Bu şartları taşıyan adaylar baş denetçilik ve denetçilik için başvuruda bulunma hakkına sahip. Baş denetçi TBMM Genel Kurulu’nda, denetçiler ise TBMM Dilekçe ile İnsan Haklarını İnceleme Komisyonu üyelerinden oluşan karma komisyonda seçiliyor. Baş denetçi, üye tamsayısının üçte iki çoğunluğu ile seçilirken Komisyon tarafından oluşturulacak karma komisyon, başvuruda bulunan aday adayları arasından, seçilecek denetçi sayısının üç katı kadar adayı, başvuru süresinin bittiği tarihten itibaren on beş gün içinde belirliyor ve Komisyona sunuyor. Komisyon sonraki on beş gün içinde denetçi seçimlerini yapıyor ve süreç tamamlanıyor.

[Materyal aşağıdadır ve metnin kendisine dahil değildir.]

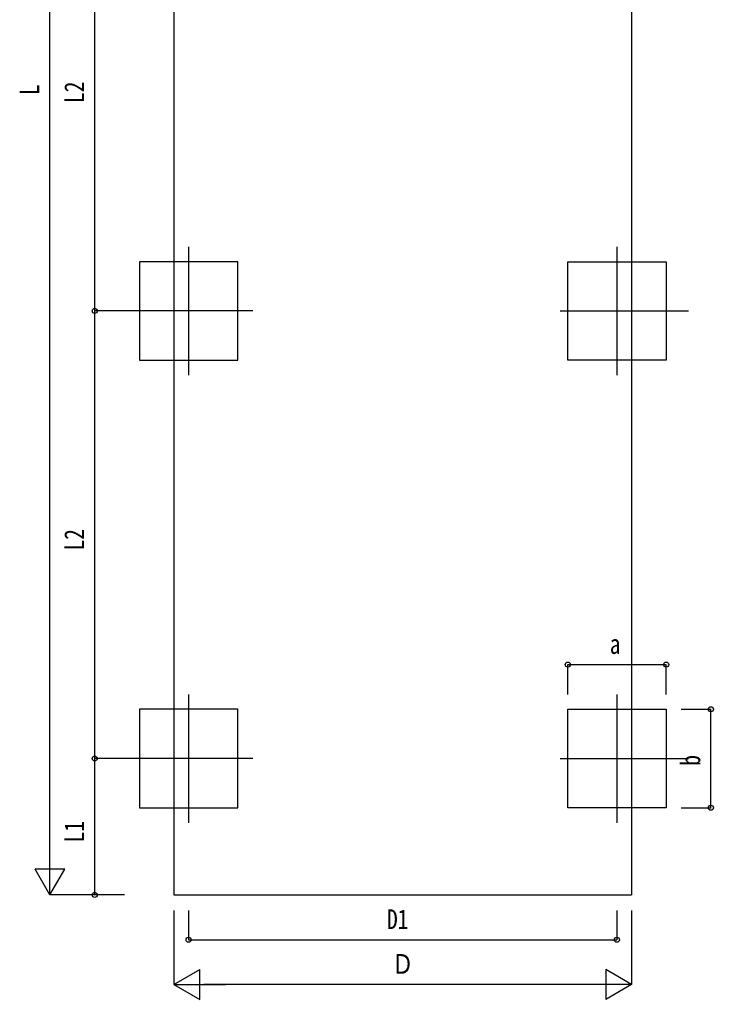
# Model space of a CAD drawing. Units: millimetres, scale not verified. Extents: x -16820 to 16820, y -11880 to 11880.
# Drawn here: x -9398 to -4744, y -1489 to 5079 of the extents above; entities that cross this region are included whole.
import ezdxf
from ezdxf.enums import TextEntityAlignment as Align

# ---------------------------------------------------------------- set-up
doc = ezdxf.new("R2010")
doc.units = ezdxf.units.MM
doc.header["$LTSCALE"] = 50
for name, color, linetype in [('0-3_YKK_12', 2, 'Continuous'), ('0-5_YKK_A1', 4, 'Continuous'), ('0-6_YKK_D', 6, 'Continuous')]:
    doc.layers.add(name, color=color, linetype=linetype)
doc.styles.add('ＭＳ ゴシック', font='')
doc.styles.get('ＭＳ ゴシック').set_extended_font_data('MS Gothic')

msp = doc.modelspace()

# ---------------------------------------------------------------- linework, layer by layer
at = {"layer": '0-3_YKK_12'}
for p, q in [((-8263.92, 3555.7), (-8263.92, 2695.7)), ((-5390.92, 3555.7), (-5390.92, 2695.7)), ((-7833.92, 3125.7), (-8693.92, 3125.7)), ((-5770.92, 3125.7), (-4910.92, 3125.7)), ((-8263.92, 555.7), (-8263.92, -304.3)), ((-5390.92, 555.7), (-5390.92, -304.3)), ((-7833.92, 125.7), (-8693.92, 125.7)), ((-5770.92, 125.7), (-4910.92, 125.7))]:
    msp.add_line(p, q, dxfattribs=at)
at = {"layer": '0-5_YKK_A1'}
for p, q in [((-8362.42, 10032.12), (-8362.42, -788.89)), ((-8362.42, -788.89), (-5292.42, -788.89))]:
    msp.add_line(p, q, dxfattribs=at)
msp.add_lwpolyline([(-8362.42, 10032.12), (-5292.42, 10032.12), (-5292.42, -788.89)], dxfattribs=at)
for points in [[(-7933.92, 2795.7), (-7933.92, 3455.7), (-8593.92, 3455.7), (-8593.92, 2795.7)], [(-5720.92, 2795.7), (-5720.92, 3455.7), (-5060.92, 3455.7), (-5060.92, 2795.7)], [(-7933.92, -204.3), (-7933.92, 455.7), (-8593.92, 455.7), (-8593.92, -204.3)], [(-5720.92, -204.3), (-5720.92, 455.7), (-5060.92, 455.7), (-5060.92, -204.3)]]:
    msp.add_lwpolyline(points, close=True, dxfattribs=at)
at = {"layer": '0-6_YKK_D'}
for p, q in [((-9193.92, -588.89), (-9193.92, 9832.12)), ((-8893.92, 3125.7), (-8893.92, 6125.7)), ((-8694.92, 3125.7), (-8894.92, 3125.7)), ((-8694.92, 3125.7), (-8894.92, 3125.7)), ((-8893.92, 125.7), (-8893.92, 3125.7)), ((-5720.92, 555.7), (-5720.92, 756.7)), ((-5720.92, 755.7), (-5060.92, 755.7)), ((-5060.92, 555.7), (-5060.92, 756.7)), ((-4960.92, 455.7), (-4759.92, 455.7)), ((-4760.92, -204.3), (-4760.92, 455.7)), ((-8693.92, 125.7), (-8894.92, 125.7)), ((-8693.92, 125.7), (-8894.92, 125.7)), ((-8893.92, -788.89), (-8893.92, 125.7)), ((-4960.92, -204.3), (-4759.92, -204.3)), ((-9193.92, -788.89), (-9193.92, -442.48)), ((-9193.92, -788.89), (-9293.92, -615.69)), ((-9093.92, -615.69), (-9293.92, -615.69)), ((-9193.92, -788.89), (-9093.92, -615.69)), ((-8693.92, -788.89), (-9194.92, -788.89)), ((-8693.92, -788.89), (-8894.92, -788.89)), ((-8362.42, -892.36), (-8362.42, -1389.89)), ((-8263.92, -892.36), (-8263.92, -1089.89)), ((-5390.92, -892.36), (-5390.92, -1089.89)), ((-5292.42, -892.36), (-5292.42, -1389.89)), ((-8263.92, -1088.89), (-5390.92, -1088.89)), ((-8362.42, -1388.89), (-8189.22, -1288.89)), ((-8189.22, -1488.89), (-8189.22, -1288.89)), ((-5292.42, -1388.89), (-5465.63, -1288.89)), ((-5465.63, -1288.89), (-5465.63, -1488.89)), ((-8362.42, -1388.89), (-8189.22, -1488.89)), ((-8362.42, -1388.89), (-8016.01, -1388.89)), ((-5492.42, -1388.89), (-8162.42, -1388.89)), ((-5292.42, -1388.89), (-5638.83, -1388.89)), ((-5292.42, -1388.89), (-5465.63, -1488.89))]:
    msp.add_line(p, q, dxfattribs=at)
for centre in [(-8893.92, 3125.7), (-8893.92, 3125.7), (-5720.92, 755.7), (-5060.92, 755.7), (-4760.92, 455.7), (-8893.92, 125.7), (-8893.92, 125.7), (-4760.92, -204.3), (-8893.92, -788.89), (-8263.92, -1088.89), (-5390.92, -1088.89)]:
    msp.add_circle(centre, 17, dxfattribs=at)

# ---------------------------------------------------------------- texts
at = {"layer": '0-6_YKK_D', "style": 'ＭＳ ゴシック', "width": 0.8}
for s, p in [('L', (-9225.92, 4573.61)), ('L2', (-8925.92, 4520.1)), ('L2', (-8925.92, 1520.1)), ('b', (-4792.92, 77.7)), ('L1', (-8925.92, -437.2))]:
    msp.add_text(s, height=132, rotation=90, dxfattribs=at).set_placement(p, align=Align.BOTTOM_LEFT)
for s, p in [('a', (-5438.92, 787.7)), ('D1', (-6933.02, -1056.89)), ('Ｄ', (-6899.42, -1356.89))]:
    msp.add_text(s, height=132, dxfattribs=at).set_placement(p, align=Align.BOTTOM_LEFT)

doc.saveas('drawing.dxf')
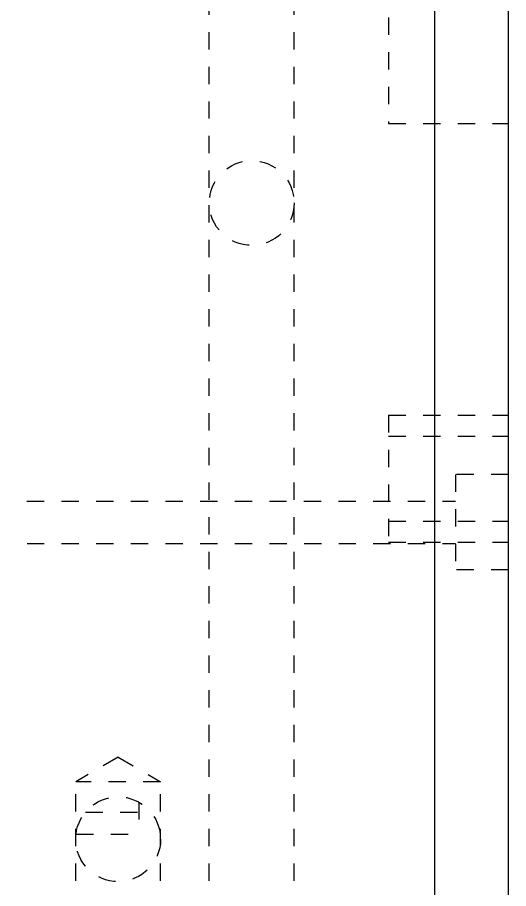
# Model space of a CAD drawing. Header units: millimetres. Extents: x 1540 to 3369, y -3458 to 1222.
# Drawn here: x 2649.2 to 2695.5, y -525.4 to -443.2 of the extents above; entities that cross this region are included whole.
import ezdxf

# ---------------------------------------------------------------- set-up
doc = ezdxf.new("R2010")
doc.units = ezdxf.units.MM
doc.header["$LTSCALE"] = 16.335
doc.linetypes.add('HIDDEN', pattern=[0.2, 0.1, -0.1])
doc.layers.add('21', color=7, linetype='CONTINUOUS')

msp = doc.modelspace()

# ---------------------------------------------------------------- linework, layer by layer
at = {"layer": '21', "color": 7, "linetype": 'Continuous'}
for p, q in [((2688.494, -215.737), (2688.494, -635.737)), ((2695.494, -628.737), (2695.494, -222.737))]:
    msp.add_line(p, q, dxfattribs=at)
at = {"layer": '21', "color": 8, "linetype": 'HIDDEN'}
for p, q in [((2667.262, -635.737), (2667.262, -384.314)), ((2675.262, -635.737), (2675.262, -384.314)), ((2684.162, -443.239), (2684.162, -453.235)), ((2684.162, -453.237), (2695.494, -453.237)), ((2684.162, -480.737), (2695.494, -480.737)), ((2684.162, -480.739), (2684.162, -492.735)), ((2684.162, -482.737), (2695.494, -482.737)), ((2695.494, -486.343), (2690.494, -486.343)), ((2690.494, -486.344), (2690.494, -495.34)), ((2636.987, -488.843), (2690.494, -488.843)), ((2684.162, -490.737), (2695.494, -490.737)), ((2636.995, -492.843), (2690.494, -492.843)), ((2684.162, -492.737), (2695.494, -492.737)), ((2695.494, -495.343), (2690.494, -495.343)), ((2658.662, -513.005), (2654.662, -515.314)), ((2658.662, -513.005), (2662.662, -515.314)), ((2662.662, -515.314), (2654.662, -515.314)), ((2654.662, -586.737), (2654.662, -515.314)), ((2662.662, -586.737), (2662.662, -515.314)), ((2660.627, -517.253), (2660.627, -520.257)), ((2655.571, -518.198), (2660.627, -518.198)), ((2654.691, -520.257), (2660.627, -520.257))]:
    msp.add_line(p, q, dxfattribs=at)
for centre in [(2671.262, -460.737), (2658.662, -520.737)]:
    msp.add_circle(centre, 4, dxfattribs=at)

doc.saveas('drawing.dxf')

Ben denetçi olmakla değil, kuruma başvurmakla ilgileniyorum derseniz onu da açıklayalım. Gerçek ve tüzel kişiler kuruma başvurma hakkına sahip ve talepleri halinde başvurularının gizli tutulması hakkına sahipler. Başvuru sahibi; adı-soyadı, imzası, yerleşim yeri(veya iş adresini), T.C. vatandaşlık kimlik numarasını (yabancılar için pasaport numarası), tüzel kişi olması durumunda tüzel kişinin unvanı – yerleşim yeri ile yetkili kişinin imzasını, varsa, merkezi tüzel kişilik numarasını ve yetki belgesini içeren Türkçe dilekçe ile başvuru yapar. Başvurunun elektronik ortamda veya diğer iletişim araçlarıyla yapılabilmesi mümkün. Yapılan başvurulardan belli bir konuyu içermeyenler, yargı organlarında görülmekte olan veya yargı organlarınca karara bağlanmış uyuşmazlıklara ilişkin olanlar, sebepleri- konusu ve tarafları aynı olanlar ile daha önce sonuçlandırılanlar kurumda incelenmiyor. Kuruma başvuruda bulunabilmek için idari başvuru yolları ile özel kanunlarda yer alan zorunlu idari başvuru yollarının tüketilmesi şart. Eğer başvuru idari başvuru yolları tüketilmeden yapıldıysa, kurumun ilgili kuruma gönderme hakkı var. Kuruma, illerde valilikler, ilçelerde kaymakamlıklar aracılığıyla başvurabilme imkanı da tanınıyor. Ve en önemli husus başvurulardan herhangi bir ücret alınmıyor.